The original paper is dense, so just to clarify, the Nei-Li nucleotide diversity is just the average (across pairs of sequences) of the average (across sites) number of nucleotide differences (Wikipedia).

ematsen · April 25, 2017, 1:46am

In discussion with @caschramm @bussec @ctwatson @initoby @jianye today, people brought up some nice points.

Orthogonality: if we can do a perfect job of fitting each summary statistic, then that’s great. However, we will probably not be able to do so. In this case it’s worth thinking about which statistics overlap with what others, so that we can not double-count in some aggregate loss function.

Implementation: we’d like to work together towards finding implementations of these statistics and assembling them somewhere public.

Robustness: I mentioned above that we’d like statistics that are robust to noise, but the discussants today had a nice formulation. We should look for statistics that do a good job of separating data sets, but are similar between (technical and biological) replicate experiments.

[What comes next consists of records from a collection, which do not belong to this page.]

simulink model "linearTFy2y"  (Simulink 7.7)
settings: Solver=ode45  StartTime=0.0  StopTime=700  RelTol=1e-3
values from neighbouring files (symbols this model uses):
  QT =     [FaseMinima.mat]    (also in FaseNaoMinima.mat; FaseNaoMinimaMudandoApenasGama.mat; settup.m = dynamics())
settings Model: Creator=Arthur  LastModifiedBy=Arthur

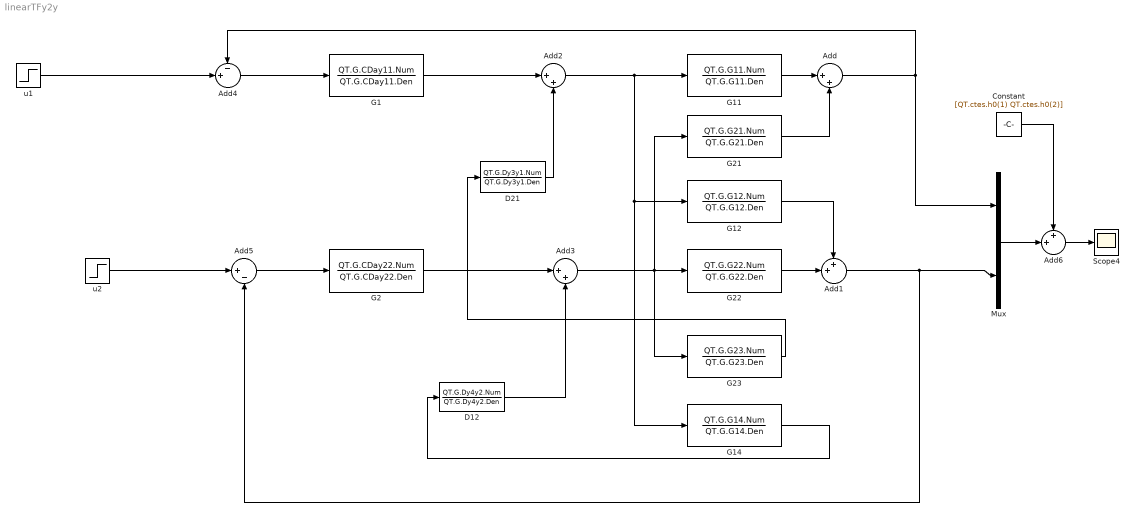
== system linearTFy2y ==
  Add : Sum  Inputs=|++
  Add1 : Sum  Inputs=++|
  Add2 : Sum  Inputs=|++
  Add3 : Sum  Inputs=|++
  Add4 : Sum  Inputs=-+|
  Add5 : Sum  Inputs=|+-
  Add6 : Sum  Inputs=++|
  Constant : Constant  Value=[QT.ctes.h0(1) QT.ctes.h0(2)]
  D12 : TransferFcn  Numerator=QT.G.Dy4y2.Num  Denominator=QT.G.Dy4y2.Den
  D21 : TransferFcn  Numerator=QT.G.Dy3y1.Num  Denominator=QT.G.Dy3y1.Den
  G1 : TransferFcn  Numerator=QT.G.CDay11.Num  Denominator=QT.G.CDay11.Den
  G11 : TransferFcn  Numerator=QT.G.G11.Num  Denominator=QT.G.G11.Den
  G12 : TransferFcn  Numerator=QT.G.G12.Num  Denominator=QT.G.G12.Den
  G14 : TransferFcn  Numerator=QT.G.G14.Num  Denominator=QT.G.G14.Den
  G2 : TransferFcn  Numerator=QT.G.CDay22.Num  Denominator=QT.G.CDay22.Den
  G21 : TransferFcn  Numerator=QT.G.G21.Num  Denominator=QT.G.G21.Den
  G22 : TransferFcn  Numerator=QT.G.G22.Num  Denominator=QT.G.G22.Den
  G23 : TransferFcn  Numerator=QT.G.G23.Num  Denominator=QT.G.G23.Den
  Mux : Mux  Inputs=2
  Scope4 : Scope
      settings: TimeRange=10  SaveName=Simulado
  u1 : Step  Time=200  SampleTime=0
  u2 : Step  Time=500  SampleTime=0
  wires:
  G11/1 -> Add/1
  G21/1 -> Add/2
  G22/1 -> Add1/2
  G12/1 -> Add1/1
  Add/1 -> Mux/1, Add4/1
  Add2/1 -> G11/1, G12/1, G14/1
  Add3/1 -> G22/1, G23/1, G21/1
  G14/1 -> D12/1
  G23/1 -> D21/1
  Add1/1 -> Mux/2, Add5/2
  Add4/1 -> G1/1
  Add5/1 -> G2/1
  u1/1 -> Add4/2
  u2/1 -> Add5/1
  D12/1 -> Add3/2
  D21/1 -> Add2/2
  G1/1 -> Add2/1
  G2/1 -> Add3/1
  Mux/1 -> Add6/2
  Add6/1 -> Scope4/1
  Constant/1 -> Add6/1
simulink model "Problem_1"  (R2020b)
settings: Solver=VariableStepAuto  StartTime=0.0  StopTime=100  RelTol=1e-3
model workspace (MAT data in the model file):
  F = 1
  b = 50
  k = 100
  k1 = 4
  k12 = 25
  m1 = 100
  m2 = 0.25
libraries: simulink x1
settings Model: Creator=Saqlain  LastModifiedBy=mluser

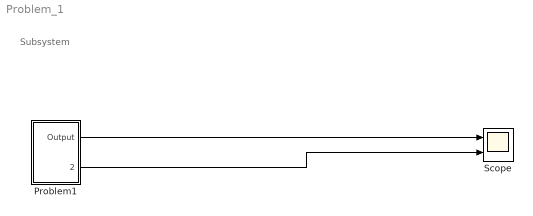
== system Problem_1 ==
  note: Subsystem
  Problem1 : Subsystem
  Scope : Scope  NumInputPorts=2
  wires:
  Problem1/1(Output) -> Scope/1
  Problem1/2(Output1) -> Scope/2

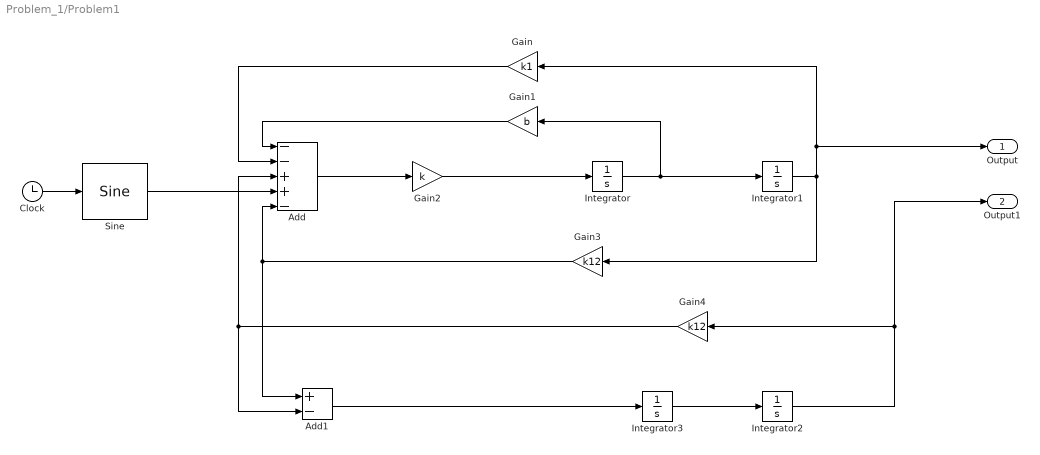
== system Problem_1/Problem1 ==
  Add : Sum  Inputs=--++-
  Add1 : Sum  Inputs=+-
  Clock : Clock
  Gain : Gain  Gain=k1
  Gain1 : Gain  Gain=b
  Gain2 : Gain  Gain=k
  Gain3 : Gain  Gain=k12
  Gain4 : Gain  Gain=k12
  Integrator{,1..3} (4 alike) : Integrator
  Sine : simulink/Lookup Tables/Sine  Formula=sin(2*pi*u)  NumDataPoints=(2^5)+1  OutputWordLength=16  InternalRulePriority=Speed
  Output : Outport
  Output1 : Outport  Port=2
  wires:
  Gain3/1 -> Add1/1, Add/5
  Gain/1 -> Add/2
  Gain4/1 -> Add1/2, Add/3
  Integrator/1 -> Gain1/1, Integrator1/1
  Clock/1 -> Sine/1
  Add/1 -> Gain2/1
  Integrator3/1 -> Integrator2/1
  Integrator1/1 -> Gain3/1, Output/1, Gain/1
  Integrator2/1 -> Output1/1, Gain4/1
  Gain1/1 -> Add/1
  Add1/1 -> Integrator3/1
  Sine/1 -> Add/4
  Gain2/1 -> Integrator/1

Thanks everyone, and let me know if you’d like to join the conversation.

brandenolson · June 27, 2017, 11:24pm

This may be a vague or ill-defined question, but is it possible to obtain sufficient statistics for repertoires or phylogenies, under common models? I ask because ABC performs optimally when the difference metric operates on sufficient statistics of the data. The only seemingly relevant paper I’ve found is this one, though it’s not particularly well-cited.